| What to work on |
Copy all the entries word for word, but omit the pictures.

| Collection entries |
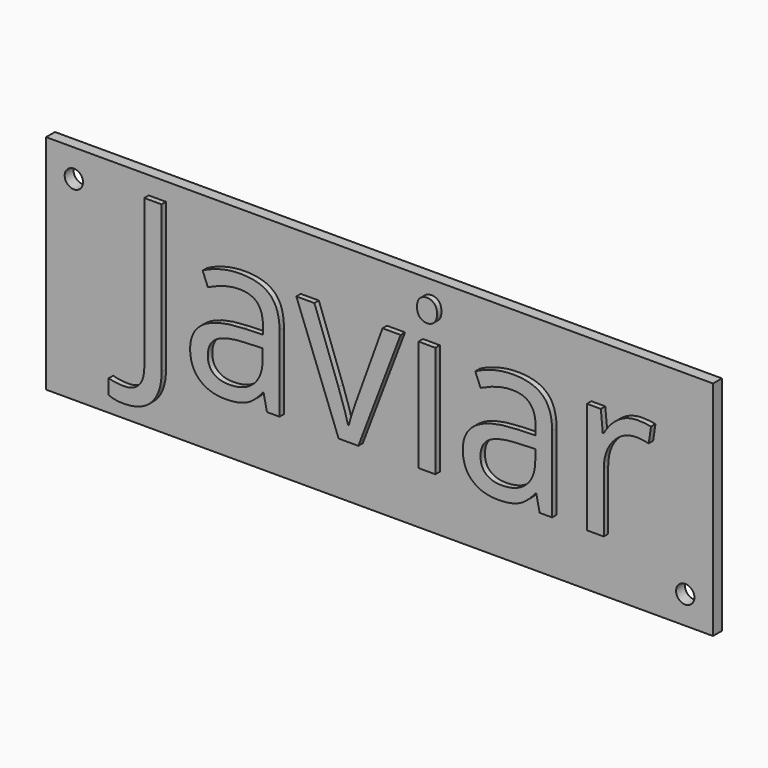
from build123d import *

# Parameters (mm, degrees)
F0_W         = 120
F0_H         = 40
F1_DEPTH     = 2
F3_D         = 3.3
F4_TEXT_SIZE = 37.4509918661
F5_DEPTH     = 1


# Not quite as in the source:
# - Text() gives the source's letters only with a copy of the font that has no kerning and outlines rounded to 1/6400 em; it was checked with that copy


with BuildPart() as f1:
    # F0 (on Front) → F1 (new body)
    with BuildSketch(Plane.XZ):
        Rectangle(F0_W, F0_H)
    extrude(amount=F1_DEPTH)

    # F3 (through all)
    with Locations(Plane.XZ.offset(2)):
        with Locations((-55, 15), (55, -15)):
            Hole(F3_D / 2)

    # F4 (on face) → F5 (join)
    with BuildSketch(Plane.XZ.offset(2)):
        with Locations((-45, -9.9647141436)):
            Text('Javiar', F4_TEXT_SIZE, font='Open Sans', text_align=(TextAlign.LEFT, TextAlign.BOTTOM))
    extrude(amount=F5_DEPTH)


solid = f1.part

| Result of this exercise |
from build123d import *

# Parameters (mm, degrees)
F0_W         = 120
F0_H         = 40
F1_DEPTH     = 2
F3_D         = 3.3
F4_TEXT_SIZE = 37.4509918661
F5_DEPTH     = 1


# Not quite as in the source:
# - Text() gives the source's letters only with a copy of the font that has no kerning and outlines rounded to 1/6400 em; it was checked with that copy


with BuildPart() as f1:
    # F0 (on Front) → F1 (new body)
    with BuildSketch(Plane.XZ):
        Rectangle(F0_W, F0_H)
    extrude(amount=F1_DEPTH)

    # F3 (through all)
    with Locations(Plane.XZ.offset(2)):
        with Locations((-55, 15), (55, -15)):
            Hole(F3_D / 2)

    # F4 (on face) → F5 (join)
    with BuildSketch(Plane.XZ.offset(2)):
        with Locations((-45, -9.9647141436)):
            Text('Javiar', F4_TEXT_SIZE, font='Open Sans', text_align=(TextAlign.LEFT, TextAlign.BOTTOM))
    extrude(amount=F5_DEPTH)


solid = f1.part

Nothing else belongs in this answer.